Records from a data collection

--

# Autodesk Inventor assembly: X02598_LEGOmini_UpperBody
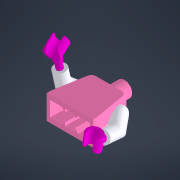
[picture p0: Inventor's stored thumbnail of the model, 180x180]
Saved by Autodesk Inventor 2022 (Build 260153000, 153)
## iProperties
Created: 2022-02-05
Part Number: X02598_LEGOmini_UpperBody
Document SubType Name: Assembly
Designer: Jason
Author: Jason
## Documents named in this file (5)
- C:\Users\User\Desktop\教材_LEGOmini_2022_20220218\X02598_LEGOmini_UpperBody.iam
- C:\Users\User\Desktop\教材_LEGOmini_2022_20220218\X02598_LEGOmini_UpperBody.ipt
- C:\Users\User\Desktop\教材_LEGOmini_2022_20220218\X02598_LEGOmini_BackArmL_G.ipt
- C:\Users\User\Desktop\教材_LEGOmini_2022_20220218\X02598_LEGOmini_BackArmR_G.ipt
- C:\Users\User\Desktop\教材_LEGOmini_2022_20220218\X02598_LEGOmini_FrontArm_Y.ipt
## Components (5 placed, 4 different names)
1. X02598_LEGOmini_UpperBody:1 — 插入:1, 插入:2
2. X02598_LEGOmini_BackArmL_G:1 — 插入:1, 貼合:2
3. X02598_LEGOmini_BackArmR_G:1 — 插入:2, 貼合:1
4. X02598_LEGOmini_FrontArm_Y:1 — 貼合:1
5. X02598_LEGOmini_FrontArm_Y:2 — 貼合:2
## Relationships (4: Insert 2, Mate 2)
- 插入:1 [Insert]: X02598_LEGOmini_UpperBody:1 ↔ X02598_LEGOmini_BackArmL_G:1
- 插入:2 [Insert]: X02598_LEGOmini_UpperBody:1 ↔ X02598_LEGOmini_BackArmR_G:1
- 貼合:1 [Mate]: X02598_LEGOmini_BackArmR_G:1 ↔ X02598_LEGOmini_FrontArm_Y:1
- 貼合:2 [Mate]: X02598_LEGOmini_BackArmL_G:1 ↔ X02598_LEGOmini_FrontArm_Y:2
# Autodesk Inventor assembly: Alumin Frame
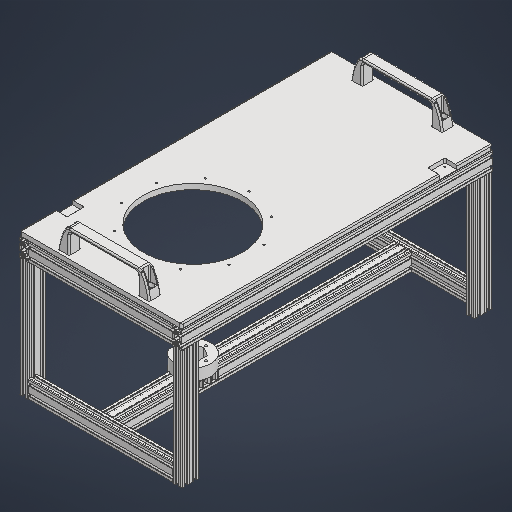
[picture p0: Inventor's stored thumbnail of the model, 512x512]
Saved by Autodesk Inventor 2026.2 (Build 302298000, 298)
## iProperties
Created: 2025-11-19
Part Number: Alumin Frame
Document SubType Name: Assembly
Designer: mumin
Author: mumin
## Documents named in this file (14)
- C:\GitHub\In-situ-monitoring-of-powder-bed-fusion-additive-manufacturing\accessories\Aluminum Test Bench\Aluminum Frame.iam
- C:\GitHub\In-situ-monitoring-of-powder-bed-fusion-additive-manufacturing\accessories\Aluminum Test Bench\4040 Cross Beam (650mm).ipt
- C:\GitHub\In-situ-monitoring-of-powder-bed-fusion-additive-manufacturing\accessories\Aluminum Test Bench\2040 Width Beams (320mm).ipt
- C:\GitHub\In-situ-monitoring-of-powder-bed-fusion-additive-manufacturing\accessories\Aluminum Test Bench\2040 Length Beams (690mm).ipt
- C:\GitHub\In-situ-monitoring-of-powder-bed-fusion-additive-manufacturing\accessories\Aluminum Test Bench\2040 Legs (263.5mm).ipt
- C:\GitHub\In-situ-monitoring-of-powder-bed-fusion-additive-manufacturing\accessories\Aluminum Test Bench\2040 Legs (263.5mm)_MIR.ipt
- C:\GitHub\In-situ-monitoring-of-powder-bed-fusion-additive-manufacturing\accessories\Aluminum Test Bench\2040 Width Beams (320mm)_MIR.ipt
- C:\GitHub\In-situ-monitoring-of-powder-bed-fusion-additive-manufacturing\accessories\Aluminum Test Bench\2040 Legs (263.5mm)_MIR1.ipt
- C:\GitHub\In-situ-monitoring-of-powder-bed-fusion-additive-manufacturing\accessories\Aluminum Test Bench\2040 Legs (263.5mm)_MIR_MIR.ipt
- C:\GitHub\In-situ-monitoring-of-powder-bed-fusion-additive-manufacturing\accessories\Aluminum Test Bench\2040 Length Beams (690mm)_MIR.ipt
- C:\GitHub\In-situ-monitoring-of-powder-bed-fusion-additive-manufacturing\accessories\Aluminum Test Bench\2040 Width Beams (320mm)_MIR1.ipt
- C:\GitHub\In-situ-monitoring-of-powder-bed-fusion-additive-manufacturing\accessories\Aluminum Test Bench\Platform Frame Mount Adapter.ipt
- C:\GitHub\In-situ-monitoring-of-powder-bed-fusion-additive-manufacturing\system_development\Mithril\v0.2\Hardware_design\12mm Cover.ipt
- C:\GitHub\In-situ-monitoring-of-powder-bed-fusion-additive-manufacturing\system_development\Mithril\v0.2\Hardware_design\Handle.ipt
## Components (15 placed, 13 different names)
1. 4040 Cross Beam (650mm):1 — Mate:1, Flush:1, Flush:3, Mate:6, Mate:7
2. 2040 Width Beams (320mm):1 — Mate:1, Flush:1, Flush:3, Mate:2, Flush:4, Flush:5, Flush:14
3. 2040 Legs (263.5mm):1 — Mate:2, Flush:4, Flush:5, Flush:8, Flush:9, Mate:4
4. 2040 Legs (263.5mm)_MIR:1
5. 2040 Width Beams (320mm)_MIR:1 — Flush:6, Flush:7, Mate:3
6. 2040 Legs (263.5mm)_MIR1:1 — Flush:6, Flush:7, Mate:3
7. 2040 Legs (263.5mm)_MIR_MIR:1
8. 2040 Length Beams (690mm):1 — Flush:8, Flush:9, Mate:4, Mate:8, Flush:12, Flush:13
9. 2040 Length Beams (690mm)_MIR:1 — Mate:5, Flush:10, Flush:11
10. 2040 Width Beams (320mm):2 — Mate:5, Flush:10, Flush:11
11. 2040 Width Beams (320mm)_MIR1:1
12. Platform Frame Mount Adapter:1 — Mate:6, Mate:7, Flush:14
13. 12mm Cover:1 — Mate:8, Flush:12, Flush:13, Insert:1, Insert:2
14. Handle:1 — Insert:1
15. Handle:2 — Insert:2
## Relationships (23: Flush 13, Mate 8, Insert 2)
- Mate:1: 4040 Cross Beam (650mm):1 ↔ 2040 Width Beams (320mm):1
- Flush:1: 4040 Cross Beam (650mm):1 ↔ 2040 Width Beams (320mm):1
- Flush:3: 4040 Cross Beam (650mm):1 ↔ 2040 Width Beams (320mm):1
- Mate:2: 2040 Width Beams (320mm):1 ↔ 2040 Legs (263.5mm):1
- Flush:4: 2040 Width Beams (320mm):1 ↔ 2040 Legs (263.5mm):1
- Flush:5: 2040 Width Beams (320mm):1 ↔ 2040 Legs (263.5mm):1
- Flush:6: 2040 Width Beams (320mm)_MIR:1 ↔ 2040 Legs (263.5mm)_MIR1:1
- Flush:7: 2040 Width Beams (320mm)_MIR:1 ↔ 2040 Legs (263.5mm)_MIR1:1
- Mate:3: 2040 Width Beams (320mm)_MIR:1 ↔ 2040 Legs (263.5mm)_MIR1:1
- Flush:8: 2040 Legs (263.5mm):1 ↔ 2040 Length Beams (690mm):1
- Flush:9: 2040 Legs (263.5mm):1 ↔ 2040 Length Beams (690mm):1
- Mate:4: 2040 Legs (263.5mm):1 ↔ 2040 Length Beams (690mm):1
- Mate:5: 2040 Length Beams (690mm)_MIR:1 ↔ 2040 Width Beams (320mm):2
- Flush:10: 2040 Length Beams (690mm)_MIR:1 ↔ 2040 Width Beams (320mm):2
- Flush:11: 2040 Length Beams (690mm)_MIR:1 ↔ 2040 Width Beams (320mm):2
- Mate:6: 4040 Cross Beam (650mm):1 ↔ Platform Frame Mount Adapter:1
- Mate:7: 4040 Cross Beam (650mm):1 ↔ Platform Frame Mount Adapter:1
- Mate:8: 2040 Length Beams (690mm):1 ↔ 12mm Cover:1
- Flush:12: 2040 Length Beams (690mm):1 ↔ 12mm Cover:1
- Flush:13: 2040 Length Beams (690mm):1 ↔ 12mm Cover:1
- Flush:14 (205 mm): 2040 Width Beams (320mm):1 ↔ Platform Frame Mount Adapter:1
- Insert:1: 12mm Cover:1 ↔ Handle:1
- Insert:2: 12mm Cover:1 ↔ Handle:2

--

| Activity |
Go through the data and copy every line that includes "Number".

| Response for this exercise |
Part Number: X02598_LEGOmini_UpperBody
Part Number: Alumin Frame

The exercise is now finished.